Die Beiträge von Stollentroll halte ich nicht für überragend aber auch nicht für sperrwürdig. Allerdings finde ich Anmeldungen mit **@trash-mail.de etc. schon suspekt.

@4L: 
Die Äußerungen wie Propagandaminister und Reichskriegsminister finde ich persönlich schon sehr hart. Ich denke nicht, dass Markus die Sperrung vorher mit Volker und Ralle abgestimmt hat. Warum greifst Du jetzt die beiden an? Diese Angelegenheit ist mit Markus zu klären.


----------



## vierlagig (10 August 2008)

Rainer Hönle schrieb:


> @4L:
> Die Äußerungen wie Propagandaminister und Reichskriegsminister finde ich persönlich schon sehr hart. Ich denke nicht, dass Markus die Sperrung vorher mit Volker und Ralle abgestimmt hat. Warum greifst Du jetzt die beiden an? Diese Angelegenheit ist mit Markus zu klären.



ich möchte dies bitte nicht als angriff gedeutet wissen und entschuldige mich, sofern nötig in aller form bei volker und ralle! bei markus für den schweinediktator natürlich auch!



> Humor (äqu. Ironie, Sarkasmus, Spott, Zynismus) ist als solches nicht gesondert ausgewiesen!

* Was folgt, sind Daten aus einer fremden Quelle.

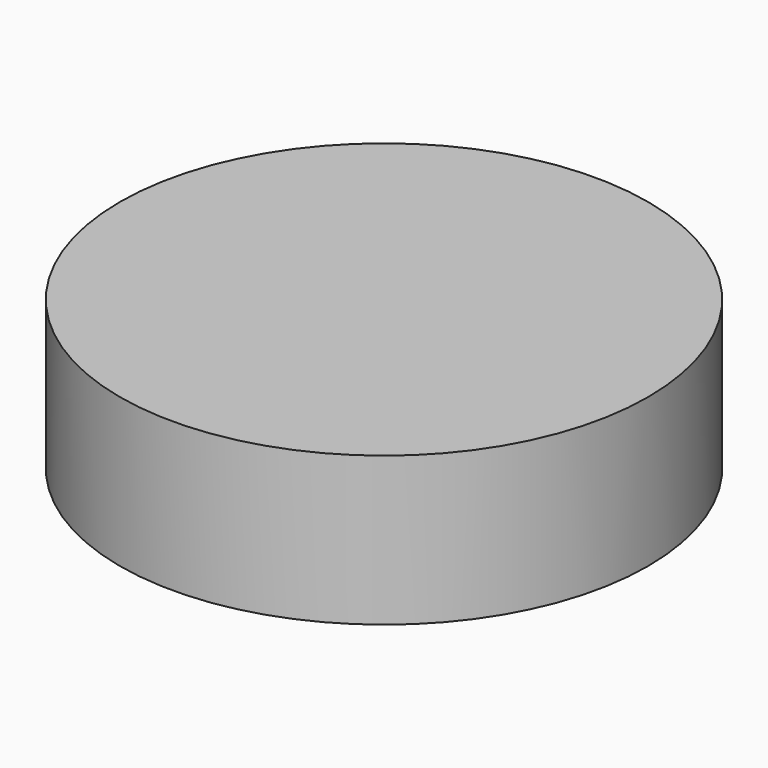
from build123d import *

# Parameters (mm, degrees)
F0_R     = 22.5416252379
F2_DEPTH = 12.7
F3_R     = 22.6896174347
F4_DEPTH = 2.54


# Not quite as in the source:
# - the program builds the solid bodies; features that only make, move or delete a surface that nothing else refers to are left out


with BuildPart() as f2:
    # F0 (on Top) → F2 (new body)
    with BuildSketch(Plane.XY):
        Circle(F0_R)
    extrude(amount=F2_DEPTH)

    # F3 (on Top) → F4 (cut)
    with BuildSketch(Plane.XY):
        Circle(F3_R)
    extrude(amount=-F4_DEPTH, mode=Mode.SUBTRACT)


solid = f2.part
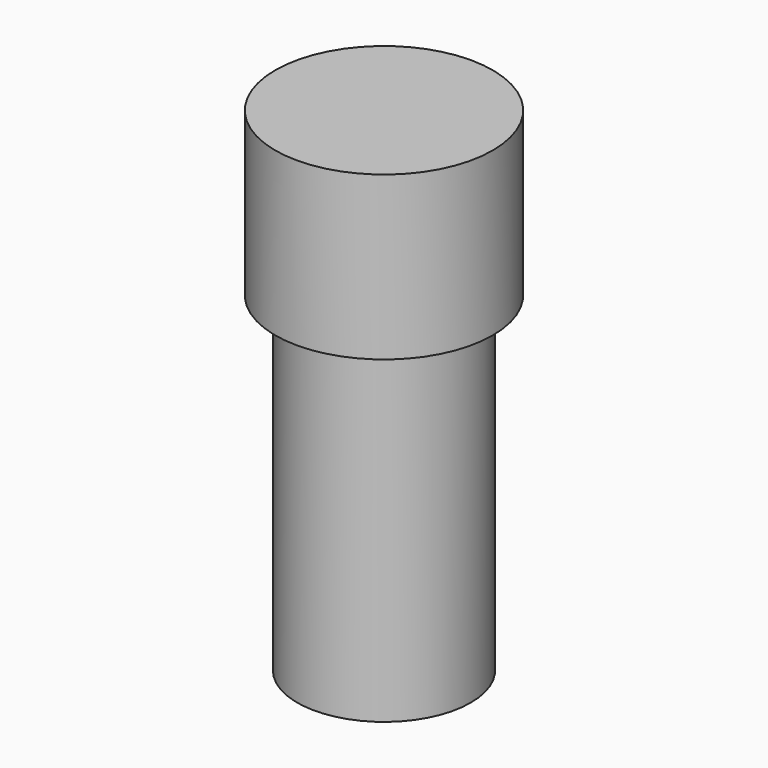
from build123d import *

# Parameters (mm, degrees)
F0_R     = 16.9607668537
F2_DEPTH = 25.4
F4_R     = 13.5349469598
F5_DEPTH = 51.562


# Not quite as in the source:
# - the program builds the solid bodies; features that only make, move or delete a surface that nothing else refers to are left out


with BuildPart() as f2:
    # F0 (on Top) → F2 (new body)
    with BuildSketch(Plane.XY):
        Circle(F0_R)
    extrude(amount=F2_DEPTH)

    # F4 (on Top) → F5 (join)
    with BuildSketch(Plane.XY):
        Circle(F4_R)
    extrude(amount=-F5_DEPTH)


solid = f2.part

mich würde halt nur interessieren ob das allein markus seine entscheidung war oder ob es abgesprochen wurde!


----------



## forendiva (10 August 2008)

Larry Laffer schrieb:


> *Dagegen* zu Mehrfach-Nicks



*ACK*

Wo kämen wir hin, wenn hier mehrere gleich heißen würden!


----------



## Rainer Hönle (10 August 2008)

*Humor:* (lat. (h)umor = Feuchtigkeit, Saft; in der Antike im Sinne von der richtigen Mischung der Körpersäfte, die zu einer guten Stimmung verhilft) gilt auf den ersten Blick als eine Fähigkeit, ein Lachen hervorrufen zu können. Als „humorvoll“ werden daher oft Personen bezeichnet, die andere zum Lachen bringen. Eine andere und viel engere Auffassung wird jedoch in der im deutschen Sprachgebrauch sprichwörtlichen Wendung „Humor ist, wenn man trotzdem lacht“ ausgedrückt.
*Ironie:* Die einfachste Form der Ironie besteht darin, das Gegenteil von dem zu sagen, was man meint. Wenn der Zuhörer das Gesagte als Ironie versteht, macht er sich sozusagen zum Komplizen des Sprechers, wodurch einer möglichen Kritik an dem unausgesprochen Gemeinten von vornherein der Boden entzogen wird. Wenn er die Äußerung nicht als ironisch versteht, setzt sich der Zuhörer dem Verdacht aus, nicht klug genug zu sein, den Widerspruch zwischen Aussage und Sachverhalt zu erkennen. 
*Sarkasmus:* Der Begriff Sarkasmus bezeichnet beißenden, bitteren und verletzenden Spott und Hohn. „Sarkasmus“ ist ein latinisiertes griechisches Substantiv (σαρκασμός sarkasmós, „die Zerfleischung, der beißende Spott“, von altgriechisch sarkazein „sich das Maul zerreißen, zerfleischen, verhöhnen“, von σάρξ, sarx „das (rohe) Fleisch“). Die Redefigur des Sarkasmus fand schon in der antiken Rhetorik (z. B. Demosthenes, Cicero) Verwendung.
*Spott:* Spott ist das bewusste Lächerlichmachen ("Verspotten") eines Menschen, einer bestimmten Gruppe oder deren echter oder vermeintlicher Werte. Er wird als Entblößung und daher oft schmerzhafter als eine äußerliche Verletzung empfunden. Treten Verachtung und Ehrabschneidung hinzu, wird von Hohn gesprochen, beinhaltet der Spott eine starke Schadenfreude, so spricht man von Häme. 
*Zynismus:* Der Zynismus (griechisch κυνισμός kynismós wörtlich „die Hundigkeit“ im Sinne von „Bissigkeit“, von κύων kyon „der Hund“) bezeichnete ursprünglich die Lebensanschauung der antiken Kyniker. Heute bezeichnet man als Zynismus zum einen eine Haltung, die in (manchmal absichtlich) verletzender Weise die Wertvorstellungen anderer herabsetzt oder missachtet, und zum anderen auch eine Haltung, die moralische Werte grundsätzlich in Frage stellt (und sich darüber hinaus manchmal auch über sie lustig macht).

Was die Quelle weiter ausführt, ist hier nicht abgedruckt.